The password is…"Archaic"
A customer forwarded this article from the New York Times, on new authentication mechanisms. The author is cheerleading a bit for “information cards” which would act a little like your ATM card; the idea would be that each computer would have a reader where you would insert your card and type in a PIN; after you’d done that, you’d have access to all of your sites.
Authentication can have three factors: something you are (fingerprint, retinal scan), something you have (your ATM card or these information cards), or something you know (your password or PIN). Security experts recommend two-factor authentication for important stuff; you use two-factor authentication when you go to the bank, insert your card and use your PIN. Two-factor authentication means that the password can be a lot simpler, because one of the other factors is acting as a second check.

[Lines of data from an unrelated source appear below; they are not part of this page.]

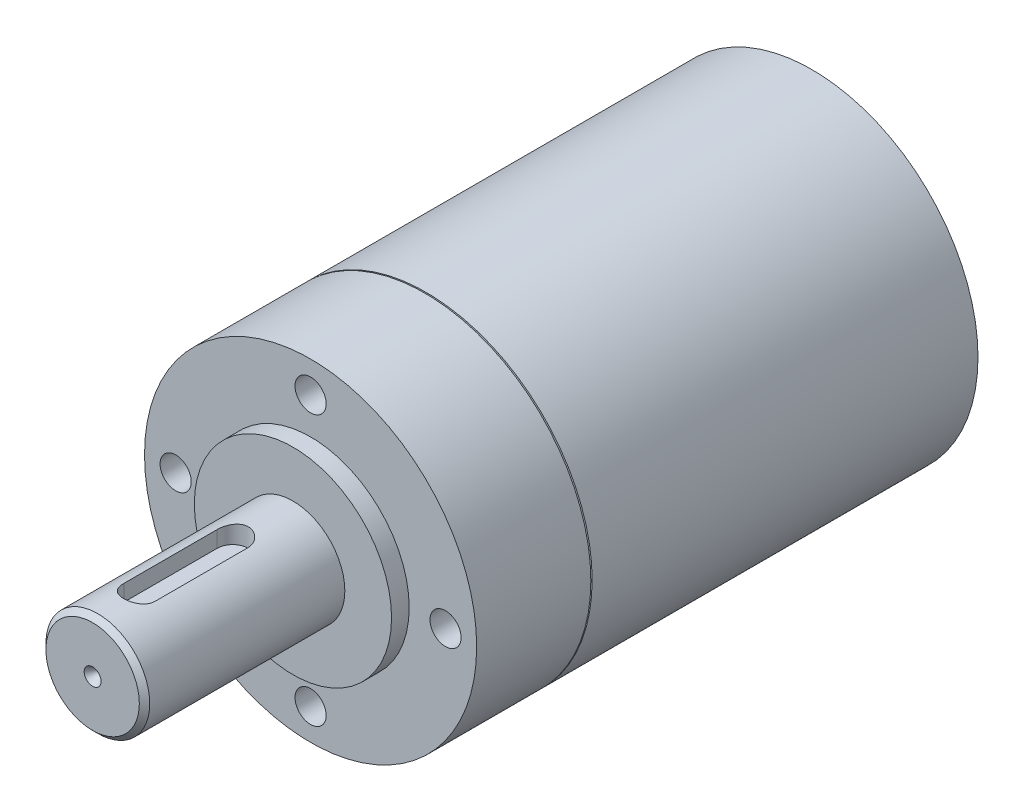
ISO-10303-21;
HEADER;
FILE_DESCRIPTION(('STEP AP214'),'2;1');
FILE_NAME('part.step','',(''),(''),'','','');
FILE_SCHEMA(('AUTOMOTIVE_DESIGN { 1 0 10303 214 1 1 1 1 }'));
ENDSEC;
DATA;
#1=APPLICATION_CONTEXT('core data for automotive mechanical design processes');
#2=APPLICATION_PROTOCOL_DEFINITION('international standard','automotive_design',2000,#1);
#3=PRODUCT_CONTEXT('',#1,'mechanical');
#4=PRODUCT('Part','Part','',(#3));
#5=PRODUCT_RELATED_PRODUCT_CATEGORY('part','',(#4));
#6=PRODUCT_DEFINITION_FORMATION('','',#4);
#7=PRODUCT_DEFINITION_CONTEXT('part definition',#1,'design');
#8=PRODUCT_DEFINITION('design','',#6,#7);
#9=PRODUCT_DEFINITION_SHAPE('','',#8);
#10=(LENGTH_UNIT() NAMED_UNIT(*) SI_UNIT(.MILLI.,.METRE.));
#11=(NAMED_UNIT(*) PLANE_ANGLE_UNIT() SI_UNIT($,.RADIAN.));
#12=(NAMED_UNIT(*) SI_UNIT($,.STERADIAN.) SOLID_ANGLE_UNIT());
#13=UNCERTAINTY_MEASURE_WITH_UNIT(LENGTH_MEASURE(1.E-05),#10,'distance_accuracy_value','');
#14=(GEOMETRIC_REPRESENTATION_CONTEXT(3) GLOBAL_UNCERTAINTY_ASSIGNED_CONTEXT((#13)) GLOBAL_UNIT_ASSIGNED_CONTEXT((#10,
#11,#12)) REPRESENTATION_CONTEXT('',''));
#15=CARTESIAN_POINT('',(0.,0.,0.));
#16=DIRECTION('',(0.,0.,1.));
#17=DIRECTION('',(1.,0.,0.));
#18=AXIS2_PLACEMENT_3D('',#15,#16,#17);
#19=CARTESIAN_POINT('',(0.,0.,69.3));
#20=DIRECTION('',(0.,0.,-1.));
#21=DIRECTION('',(-1.,0.,0.));
#22=AXIS2_PLACEMENT_3D('',#19,#20,#21);
#23=CYLINDRICAL_SURFACE('',#22,5.);
#24=CARTESIAN_POINT('',(0.,0.,68.8));
#25=DIRECTION('',(0.,0.,1.));
#26=DIRECTION('',(1.,0.,0.));
#27=AXIS2_PLACEMENT_3D('',#24,#25,#26);
#28=CIRCLE('',#27,5.);
#29=CARTESIAN_POINT('',(5.,0.,68.8));
#30=VERTEX_POINT('',#29);
#31=EDGE_CURVE('E11',#30,#30,#28,.F.);
#32=ORIENTED_EDGE('',*,*,#31,.T.);
#33=EDGE_LOOP('',(#32));
#34=FACE_BOUND('',#33,.T.);
#35=CARTESIAN_POINT('',(0.,0.,50.));
#36=DIRECTION('',(0.,0.,1.));
#37=DIRECTION('',(1.,0.,0.));
#38=AXIS2_PLACEMENT_3D('',#35,#36,#37);
#39=CIRCLE('',#38,5.);
#40=CARTESIAN_POINT('',(5.,0.,50.));
#41=VERTEX_POINT('',#40);
#42=EDGE_CURVE('E115',#41,#41,#39,.T.);
#43=ORIENTED_EDGE('',*,*,#42,.T.);
#44=EDGE_LOOP('',(#43));
#45=FACE_BOUND('',#44,.T.);
#46=CARTESIAN_POINT('',(-1.5,4.76969600708473,64.8));
#47=CARTESIAN_POINT('',(-1.50000085357071,4.76969249084934,64.841179392908));
#48=CARTESIAN_POINT('',(-1.49830317083428,4.77022997000129,64.8823380431261));
#49=CARTESIAN_POINT('',(-1.49153785660317,4.77235095109999,64.9643411620956));
#50=CARTESIAN_POINT('',(-1.48647098275841,4.77393421787376,65.0051856993949));
#51=CARTESIAN_POINT('',(-1.46630203689311,4.78018490618873,65.1265905409546));
#52=CARTESIAN_POINT('',(-1.44623120413663,4.78635370384275,65.2063063904164));
#53=CARTESIAN_POINT('',(-1.39353102315626,4.80195952113208,65.3610355783859));
#54=CARTESIAN_POINT('',(-1.36090607068203,4.81139539670393,65.4360505521981));
#55=CARTESIAN_POINT('',(-1.28407841117655,4.83246571212052,65.5795966815976));
#56=CARTESIAN_POINT('',(-1.23987031651226,4.84410117434933,65.6481247997284));
#57=CARTESIAN_POINT('',(-1.13964850658326,4.86866835244721,65.778866055997));
#58=CARTESIAN_POINT('',(-1.08333433465209,4.88162755412974,65.8408436603434));
#59=CARTESIAN_POINT('',(-0.961138919873356,4.90714811559049,65.9546355839));
#60=CARTESIAN_POINT('',(-0.895256063916351,4.91970940785249,66.0064481860031));
#61=CARTESIAN_POINT('',(-0.754109921315431,4.94333239727705,66.0994637703185));
#62=CARTESIAN_POINT('',(-0.678680819336257,4.95435770971354,66.1404251802979));
#63=CARTESIAN_POINT('',(-0.521621185505771,4.97334469846208,66.2089884116182));
#64=CARTESIAN_POINT('',(-0.439992259012928,4.98130716463903,66.2365936777943));
#65=CARTESIAN_POINT('',(-0.275324697874882,4.99307639935002,66.276879799102));
#66=CARTESIAN_POINT('',(-0.192393125294257,4.99699549276993,66.2899648579697));
#67=CARTESIAN_POINT('',(-0.025423571998086,5.00063202022426,66.3021173413633));
#68=CARTESIAN_POINT('',(0.058614196242357,5.00035024971471,66.3011874197001));
#69=CARTESIAN_POINT('',(0.222571599946011,4.99569602566267,66.285607091241));
#70=CARTESIAN_POINT('',(0.302537145464636,4.99145415509187,66.2713946550213));
#71=CARTESIAN_POINT('',(0.458890052102021,4.9795151369998,66.2303683647619));
#72=CARTESIAN_POINT('',(0.535277225531992,4.97181780846028,66.2035538505441));
#73=CARTESIAN_POINT('',(0.68334781589221,4.95365214926145,66.1377877783536));
#74=CARTESIAN_POINT('',(0.754966006044136,4.94315255692526,66.0986983556431));
#75=CARTESIAN_POINT('',(0.890765529574414,4.92049624651755,66.0096014099517));
#76=CARTESIAN_POINT('',(0.954945191614588,4.90833915735884,65.9595914405212));
#77=CARTESIAN_POINT('',(1.07665450541274,4.88311673571409,65.8478080119165));
#78=CARTESIAN_POINT('',(1.13383351478033,4.87003445449554,65.7856561362393));
#79=CARTESIAN_POINT('',(1.23706769492487,4.84484215114658,65.6525025765721));
#80=CARTESIAN_POINT('',(1.28311962013078,4.83273241337565,65.5814983196345));
#81=CARTESIAN_POINT('',(1.36316407240863,4.81077228795653,65.4317190715507));
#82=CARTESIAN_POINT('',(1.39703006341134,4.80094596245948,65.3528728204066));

However, two-factor authentication is not foolproof, either; there have been sophisticated ATM scams where thieves installed a magnetic stripe reader over the normal slot, with a video camera to record the user’s PIN as they type it. One of the things about information cards is that you may have to use them in untrusted environments; if you’re traveling and want to check your email, nothing will protect you from the hacked machine at the internet cafe where you put in your card.
On campus, IST is developing what they’re calling “second level authentication” which can be used for security-sensitive web-based applications. This would augment the security of your CalNet ID; for a sensitive application like HRMS, you would log in with your CalNet ID, but then also input a PIN using an on-screen keypad. This does not qualify as two-factor authentication, because both authentication tokens are “things you know,” but it should make those applications somewhat safer.
There is also a significant effort underway on campus and at UCOP to set up an “identity management” (IdM) system. IdM attempts to combine authentication (verifying who the person is) with authorization (verifying what the person should have the rights to access). Right now CalNet is basically an authentication system; each application which uses CalNet ID must maintain their own list of which CalNet IDs are allowed to access the application. IdM would provide a central place to store information about each user’s access rights, and also provide a way (through “federated identity management”) to communicate authorization to external entities, like UCOP or a third-party vendor. UC Davis recently did a pilot to see if GMail could provide email for students; in the pilot, students were able to use the UC Davis equivalent of a CalNet ID to log in to their UC Davis GMail account. Federated IdM has come a long way in the last year or two (mostly through the Shibboleth project), and I expect we’ll start to see many more of these kinds of arrangements.